Go to the line below containing "#231=DIRECTION('',(1.,0.,0.));" and print exactly from there through the line containing "#262=FACE_BOUND('',#261,.T.);", both included. Print nothing else.
(Beginning of Data records)
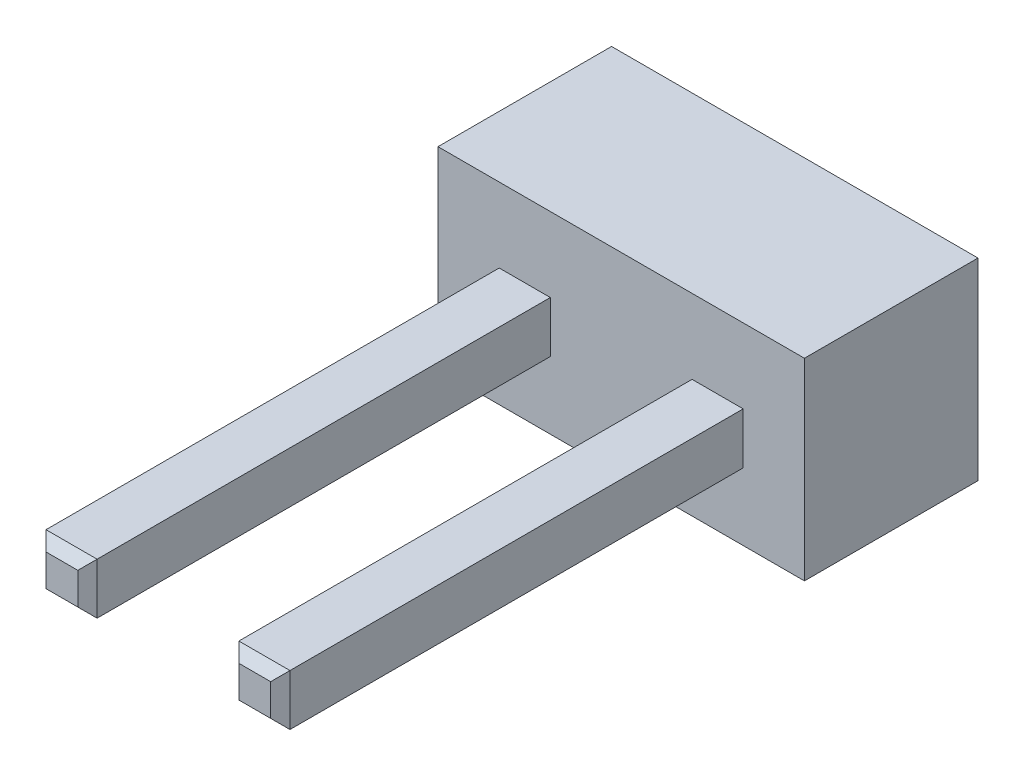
ISO-10303-21;
HEADER;
FILE_DESCRIPTION(('STEP AP214'),'2;1');
FILE_NAME('part.step','',(''),(''),'','','');
FILE_SCHEMA(('AUTOMOTIVE_DESIGN { 1 0 10303 214 1 1 1 1 }'));
ENDSEC;
DATA;
#1=APPLICATION_CONTEXT('core data for automotive mechanical design processes');
#2=APPLICATION_PROTOCOL_DEFINITION('international standard','automotive_design',2000,#1);
#3=PRODUCT_CONTEXT('',#1,'mechanical');
#4=PRODUCT('Part','Part','',(#3));
#5=PRODUCT_RELATED_PRODUCT_CATEGORY('part','',(#4));
#6=PRODUCT_DEFINITION_FORMATION('','',#4);
#7=PRODUCT_DEFINITION_CONTEXT('part definition',#1,'design');
#8=PRODUCT_DEFINITION('design','',#6,#7);
#9=PRODUCT_DEFINITION_SHAPE('','',#8);
#10=(LENGTH_UNIT() NAMED_UNIT(*) SI_UNIT(.MILLI.,.METRE.));
#11=(NAMED_UNIT(*) PLANE_ANGLE_UNIT() SI_UNIT($,.RADIAN.));
#12=(NAMED_UNIT(*) SI_UNIT($,.STERADIAN.) SOLID_ANGLE_UNIT());
#13=UNCERTAINTY_MEASURE_WITH_UNIT(LENGTH_MEASURE(1.E-05),#10,'distance_accuracy_value','');
#14=(GEOMETRIC_REPRESENTATION_CONTEXT(3) GLOBAL_UNCERTAINTY_ASSIGNED_CONTEXT((#13)) GLOBAL_UNIT_ASSIGNED_CONTEXT((#10,
#11,#12)) REPRESENTATION_CONTEXT('',''));
#15=CARTESIAN_POINT('',(0.,0.,0.));
#16=DIRECTION('',(0.,0.,1.));
#17=DIRECTION('',(1.,0.,0.));
#18=AXIS2_PLACEMENT_3D('',#15,#16,#17);
#19=CARTESIAN_POINT('',(-2.74955,1.55928543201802,7.239));
#20=DIRECTION('',(-0.707106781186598,0.,0.707106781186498));
#21=DIRECTION('',(0.707106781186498,0.,0.707106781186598));
#22=AXIS2_PLACEMENT_3D('',#19,#20,#21);
#23=PLANE('',#22);
#24=DIRECTION('',(0.,1.,0.));
#25=VECTOR('',#24,1.);
#26=CARTESIAN_POINT('',(-2.87655,1.55928543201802,7.11199999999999));
#27=LINE('',#26,#25);
#28=CARTESIAN_POINT('',(-2.87654999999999,1.55928543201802,7.11199999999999));
#29=VERTEX_POINT('',#28);
#30=CARTESIAN_POINT('',(-2.87655,0.886185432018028,7.11199999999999));
#31=VERTEX_POINT('',#30);
#32=EDGE_CURVE('E152',#29,#31,#27,.F.);
#33=ORIENTED_EDGE('',*,*,#32,.T.);
#34=DIRECTION('',(-0.577350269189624,-0.577350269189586,-0.577350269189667));
#35=VECTOR('',#34,1.);
#36=CARTESIAN_POINT('',(-2.74955,1.01318543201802,7.239));
#37=LINE('',#36,#35);
#38=CARTESIAN_POINT('',(-2.74955,1.01318543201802,7.239));
#39=VERTEX_POINT('',#38);
#40=EDGE_CURVE('E143',#39,#31,#37,.T.);
#41=ORIENTED_EDGE('',*,*,#40,.F.);
#42=DIRECTION('',(0.,1.,0.));
#43=VECTOR('',#42,1.);
#44=CARTESIAN_POINT('',(-2.74955,1.55928543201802,7.239));
#45=LINE('',#44,#43);
#46=CARTESIAN_POINT('',(-2.74955,1.43228543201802,7.239));
#47=VERTEX_POINT('',#46);
#48=EDGE_CURVE('E20',#47,#39,#45,.F.);
#49=ORIENTED_EDGE('',*,*,#48,.F.);
#50=DIRECTION('',(0.577350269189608,-0.577350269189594,0.577350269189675));
#51=VECTOR('',#50,1.);
#52=CARTESIAN_POINT('',(-2.87655,1.55928543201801,7.11199999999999));
#53=LINE('',#52,#51);
#54=EDGE_CURVE('E133',#29,#47,#53,.T.);
#55=ORIENTED_EDGE('',*,*,#54,.F.);
#56=EDGE_LOOP('',(#33,#41,#49,#55));
#57=FACE_BOUND('',#56,.T.);
#58=ADVANCED_FACE('F17',(#57),#23,.T.);
#59=CARTESIAN_POINT('',(-0.20955,0.886185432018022,7.239));
#60=DIRECTION('',(-0.707106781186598,0.,0.707106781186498));
#61=DIRECTION('',(0.707106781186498,0.,0.707106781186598));
#62=AXIS2_PLACEMENT_3D('',#59,#60,#61);
#63=PLANE('',#62);
#64=DIRECTION('',(0.,1.,0.));
#65=VECTOR('',#64,1.);
#66=CARTESIAN_POINT('',(-0.20955,0.886185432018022,7.239));
#67=LINE('',#66,#65);
#68=CARTESIAN_POINT('',(-0.20955,1.43228543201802,7.239));
#69=VERTEX_POINT('',#68);
#70=CARTESIAN_POINT('',(-0.20955,1.01318543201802,7.239));
#71=VERTEX_POINT('',#70);
#72=EDGE_CURVE('E156',#69,#71,#67,.F.);
#73=ORIENTED_EDGE('',*,*,#72,.F.);
#74=DIRECTION('',(0.577350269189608,-0.577350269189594,0.577350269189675));
#75=VECTOR('',#74,1.);
#76=CARTESIAN_POINT('',(-0.336549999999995,1.55928543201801,7.11199999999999));
#77=LINE('',#76,#75);
#78=CARTESIAN_POINT('',(-0.336549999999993,1.55928543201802,7.11199999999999));
#79=VERTEX_POINT('',#78);
#80=EDGE_CURVE('E160',#79,#69,#77,.T.);
#81=ORIENTED_EDGE('',*,*,#80,.F.);
#82=DIRECTION('',(0.,1.,0.));
#83=VECTOR('',#82,1.);
#84=CARTESIAN_POINT('',(-0.33655,1.55928543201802,7.11199999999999));
#85=LINE('',#84,#83);
#86=CARTESIAN_POINT('',(-0.336549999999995,0.886185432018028,7.11199999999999));
#87=VERTEX_POINT('',#86);
#88=EDGE_CURVE('E168',#79,#87,#85,.F.);
#89=ORIENTED_EDGE('',*,*,#88,.T.);
#90=DIRECTION('',(-0.577350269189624,-0.577350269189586,-0.577350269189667));
#91=VECTOR('',#90,1.);
#92=CARTESIAN_POINT('',(-0.20955,1.01318543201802,7.239));
#93=LINE('',#92,#91);
#94=EDGE_CURVE('E166',#71,#87,#93,.T.);
#95=ORIENTED_EDGE('',*,*,#94,.F.);
#96=EDGE_LOOP('',(#73,#81,#89,#95));
#97=FACE_BOUND('',#96,.T.);
#98=ADVANCED_FACE('F358',(#97),#63,.T.);
#99=CARTESIAN_POINT('',(-2.87655,1.55928543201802,7.239));
#100=DIRECTION('',(0.,0.,1.));
#101=DIRECTION('',(1.,0.,0.));
#102=AXIS2_PLACEMENT_3D('',#99,#100,#101);
#103=PLANE('',#102);
#104=DIRECTION('',(1.,0.,0.));
#105=VECTOR('',#104,1.);
#106=CARTESIAN_POINT('',(-2.87655,1.01318543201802,7.239));
#107=LINE('',#106,#105);
#108=CARTESIAN_POINT('',(-2.33045,1.01318543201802,7.239));
#109=VERTEX_POINT('',#108);
#110=EDGE_CURVE('E147',#109,#39,#107,.F.);
#111=ORIENTED_EDGE('',*,*,#110,.F.);
#112=DIRECTION('',(0.,1.,0.));
#113=VECTOR('',#112,1.);
#114=CARTESIAN_POINT('',(-2.33045,1.55928543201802,7.239));
#115=LINE('',#114,#113);
#116=CARTESIAN_POINT('',(-2.33045,1.43228543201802,7.239));
#117=VERTEX_POINT('',#116);
#118=EDGE_CURVE('E146',#117,#109,#115,.F.);
#119=ORIENTED_EDGE('',*,*,#118,.F.);
#120=DIRECTION('',(1.,0.,0.));
#121=VECTOR('',#120,1.);
#122=CARTESIAN_POINT('',(-2.87655,1.43228543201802,7.239));
#123=LINE('',#122,#121);
#124=EDGE_CURVE('E136',#47,#117,#123,.T.);
#125=ORIENTED_EDGE('',*,*,#124,.F.);
#126=ORIENTED_EDGE('',*,*,#48,.T.);
#127=EDGE_LOOP('',(#111,#119,#125,#126));
#128=FACE_BOUND('',#127,.T.);
#129=ADVANCED_FACE('F145',(#128),#103,.T.);
#130=CARTESIAN_POINT('',(-2.87655,1.43228543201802,7.239));
#131=DIRECTION('',(0.,0.707106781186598,0.707106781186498));
#132=DIRECTION('',(0.,-0.707106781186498,0.707106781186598));
#133=AXIS2_PLACEMENT_3D('',#130,#131,#132);
#134=PLANE('',#133);
#135=ORIENTED_EDGE('',*,*,#124,.T.);
#136=DIRECTION('',(-0.577350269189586,-0.577350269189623,0.577350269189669));
#137=VECTOR('',#136,1.);
#138=CARTESIAN_POINT('',(-2.20345000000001,1.55928543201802,7.11199999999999));
#139=LINE('',#138,#137);
#140=CARTESIAN_POINT('',(-2.20345,1.55928543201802,7.11199999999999));
#141=VERTEX_POINT('',#140);
#142=EDGE_CURVE('E173',#141,#117,#139,.T.);
#143=ORIENTED_EDGE('',*,*,#142,.F.);
#144=DIRECTION('',(1.,0.,0.));
#145=VECTOR('',#144,1.);
#146=CARTESIAN_POINT('',(-2.87655,1.55928543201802,7.11199999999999));
#147=LINE('',#146,#145);
#148=EDGE_CURVE('E138',#141,#29,#147,.F.);
#149=ORIENTED_EDGE('',*,*,#148,.T.);
#150=ORIENTED_EDGE('',*,*,#54,.T.);
#151=EDGE_LOOP('',(#135,#143,#149,#150));
#152=FACE_BOUND('',#151,.T.);
#153=ADVANCED_FACE('F134',(#152),#134,.T.);
#154=CARTESIAN_POINT('',(-2.87655,1.01318543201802,7.239));
#155=DIRECTION('',(0.,-0.707106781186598,0.707106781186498));
#156=DIRECTION('',(0.,-0.707106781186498,-0.707106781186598));
#157=AXIS2_PLACEMENT_3D('',#154,#155,#156);
#158=PLANE('',#157);
#159=ORIENTED_EDGE('',*,*,#110,.T.);
#160=ORIENTED_EDGE('',*,*,#40,.T.);
#161=DIRECTION('',(1.,0.,0.));
#162=VECTOR('',#161,1.);
#163=CARTESIAN_POINT('',(-2.87655,0.886185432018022,7.11199999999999));
#164=LINE('',#163,#162);
#165=CARTESIAN_POINT('',(-2.20345,0.886185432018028,7.11199999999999));
#166=VERTEX_POINT('',#165);
#167=EDGE_CURVE('E184',#31,#166,#164,.T.);
#168=ORIENTED_EDGE('',*,*,#167,.T.);
#169=DIRECTION('',(0.577350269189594,-0.577350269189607,-0.577350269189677));
#170=VECTOR('',#169,1.);
#171=CARTESIAN_POINT('',(-2.33045,1.01318543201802,7.239));
#172=LINE('',#171,#170);
#173=EDGE_CURVE('E176',#109,#166,#172,.T.);
#174=ORIENTED_EDGE('',*,*,#173,.F.);
#175=EDGE_LOOP('',(#159,#160,#168,#174));
#176=FACE_BOUND('',#175,.T.);
#177=ADVANCED_FACE('F350',(#176),#158,.T.);
#178=CARTESIAN_POINT('',(-2.87655,1.55928543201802,7.239));
#179=DIRECTION('',(1.,0.,0.));
#180=DIRECTION('',(0.,0.,-1.));
#181=AXIS2_PLACEMENT_3D('',#178,#179,#180);
#182=PLANE('',#181);
#183=DIRECTION('',(0.,1.,0.));
#184=VECTOR('',#183,1.);
#185=CARTESIAN_POINT('',(-2.87655,1.55928543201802,1.143));
#186=LINE('',#185,#184);
#187=CARTESIAN_POINT('',(-2.87655,0.886185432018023,1.143));
#188=VERTEX_POINT('',#187);
#189=CARTESIAN_POINT('',(-2.87655,1.55928543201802,1.143));
#190=VERTEX_POINT('',#189);
#191=EDGE_CURVE('E154',#188,#190,#186,.T.);
#192=ORIENTED_EDGE('',*,*,#191,.F.);
#193=DIRECTION('',(0.,0.,1.));
#194=VECTOR('',#193,1.);
#195=CARTESIAN_POINT('',(-2.87655,0.886185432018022,7.239));
#196=LINE('',#195,#194);
#197=EDGE_CURVE('E190',#188,#31,#196,.T.);
#198=ORIENTED_EDGE('',*,*,#197,.T.);
#199=ORIENTED_EDGE('',*,*,#32,.F.);
#200=DIRECTION('',(0.,0.,-1.));
#201=VECTOR('',#200,1.);
#202=CARTESIAN_POINT('',(-2.87655,1.55928543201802,7.239));
#203=LINE('',#202,#201);
#204=EDGE_CURVE('E179',#29,#190,#203,.T.);
#205=ORIENTED_EDGE('',*,*,#204,.T.);
#206=EDGE_LOOP('',(#192,#198,#199,#205));
#207=FACE_BOUND('',#206,.T.);
#208=ADVANCED_FACE('F346',(#207),#182,.F.);
#209=CARTESIAN_POINT('',(-0.33655,0.886185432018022,7.239));
#210=DIRECTION('',(0.,0.,1.));
#211=DIRECTION('',(1.,0.,0.));
#212=AXIS2_PLACEMENT_3D('',#209,#210,#211);
#213=PLANE('',#212);
#214=ORIENTED_EDGE('',*,*,#72,.T.);
#215=DIRECTION('',(1.,0.,0.));
#216=VECTOR('',#215,1.);
#217=CARTESIAN_POINT('',(-0.33655,1.01318543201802,7.239));
#218=LINE('',#217,#216);
#219=CARTESIAN_POINT('',(0.20955,1.01318543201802,7.239));
#220=VERTEX_POINT('',#219);
#221=EDGE_CURVE('E163',#220,#71,#218,.F.);
#222=ORIENTED_EDGE('',*,*,#221,.F.);
#223=DIRECTION('',(0.,1.,0.));
#224=VECTOR('',#223,1.);
#225=CARTESIAN_POINT('',(0.20955,0.886185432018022,7.239));
#226=LINE('',#225,#224);
#227=CARTESIAN_POINT('',(0.20955,1.43228543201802,7.239));
#228=VERTEX_POINT('',#227);
#229=EDGE_CURVE('E196',#228,#220,#226,.F.);
#230=ORIENTED_EDGE('',*,*,#229,.F.);
#231=DIRECTION('',(1.,0.,0.));
#232=VECTOR('',#231,1.);
#233=CARTESIAN_POINT('',(-0.33655,1.43228543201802,7.239));
#234=LINE('',#233,#232);
#235=EDGE_CURVE('E158',#69,#228,#234,.T.);
#236=ORIENTED_EDGE('',*,*,#235,.F.);
#237=EDGE_LOOP('',(#214,#222,#230,#236));
#238=FACE_BOUND('',#237,.T.);
#239=ADVANCED_FACE('F342',(#238),#213,.T.);
#240=CARTESIAN_POINT('',(-0.33655,1.43228543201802,7.239));
#241=DIRECTION('',(0.,0.707106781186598,0.707106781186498));
#242=DIRECTION('',(0.,-0.707106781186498,0.707106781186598));
#243=AXIS2_PLACEMENT_3D('',#240,#241,#242);
#244=PLANE('',#243);
#245=DIRECTION('',(1.,0.,0.));
#246=VECTOR('',#245,1.);
#247=CARTESIAN_POINT('',(-0.33655,1.55928543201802,7.11199999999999));
#248=LINE('',#247,#246);
#249=CARTESIAN_POINT('',(0.336549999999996,1.55928543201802,7.11199999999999));
#250=VERTEX_POINT('',#249);
#251=EDGE_CURVE('E200',#250,#79,#248,.F.);
#252=ORIENTED_EDGE('',*,*,#251,.T.);
#253=ORIENTED_EDGE('',*,*,#80,.T.);
#254=ORIENTED_EDGE('',*,*,#235,.T.);
#255=DIRECTION('',(-0.577350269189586,-0.577350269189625,0.577350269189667));
#256=VECTOR('',#255,1.);
#257=CARTESIAN_POINT('',(0.33654999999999,1.55928543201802,7.11199999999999));
#258=LINE('',#257,#256);
#259=EDGE_CURVE('E193',#250,#228,#258,.T.);
#260=ORIENTED_EDGE('',*,*,#259,.F.);
#261=EDGE_LOOP('',(#252,#253,#254,#260));
#262=FACE_BOUND('',#261,.T.);
#263=ADVANCED_FACE('F338',(#262),#244,.T.);
#264=CARTESIAN_POINT('',(-0.33655,1.01318543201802,7.239));
#265=DIRECTION('',(0.,-0.707106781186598,0.707106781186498));
#266=DIRECTION('',(0.,-0.707106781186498,-0.707106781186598));
#267=AXIS2_PLACEMENT_3D('',#264,#265,#266);
#268=PLANE('',#267);
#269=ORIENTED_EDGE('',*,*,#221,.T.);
(End of Data records)
Solution below —
#231=DIRECTION('',(1.,0.,0.));
#232=VECTOR('',#231,1.);
#233=CARTESIAN_POINT('',(-0.33655,1.43228543201802,7.239));
#234=LINE('',#233,#232);
#235=EDGE_CURVE('E158',#69,#228,#234,.T.);
#236=ORIENTED_EDGE('',*,*,#235,.F.);
#237=EDGE_LOOP('',(#214,#222,#230,#236));
#238=FACE_BOUND('',#237,.T.);
#239=ADVANCED_FACE('F342',(#238),#213,.T.);
#240=CARTESIAN_POINT('',(-0.33655,1.43228543201802,7.239));
#241=DIRECTION('',(0.,0.707106781186598,0.707106781186498));
#242=DIRECTION('',(0.,-0.707106781186498,0.707106781186598));
#243=AXIS2_PLACEMENT_3D('',#240,#241,#242);
#244=PLANE('',#243);
#245=DIRECTION('',(1.,0.,0.));
#246=VECTOR('',#245,1.);
#247=CARTESIAN_POINT('',(-0.33655,1.55928543201802,7.11199999999999));
#248=LINE('',#247,#246);
#249=CARTESIAN_POINT('',(0.336549999999996,1.55928543201802,7.11199999999999));
#250=VERTEX_POINT('',#249);
#251=EDGE_CURVE('E200',#250,#79,#248,.F.);
#252=ORIENTED_EDGE('',*,*,#251,.T.);
#253=ORIENTED_EDGE('',*,*,#80,.T.);
#254=ORIENTED_EDGE('',*,*,#235,.T.);
#255=DIRECTION('',(-0.577350269189586,-0.577350269189625,0.577350269189667));
#256=VECTOR('',#255,1.);
#257=CARTESIAN_POINT('',(0.33654999999999,1.55928543201802,7.11199999999999));
#258=LINE('',#257,#256);
#259=EDGE_CURVE('E193',#250,#228,#258,.T.);
#260=ORIENTED_EDGE('',*,*,#259,.F.);
#261=EDGE_LOOP('',(#252,#253,#254,#260));
#262=FACE_BOUND('',#261,.T.);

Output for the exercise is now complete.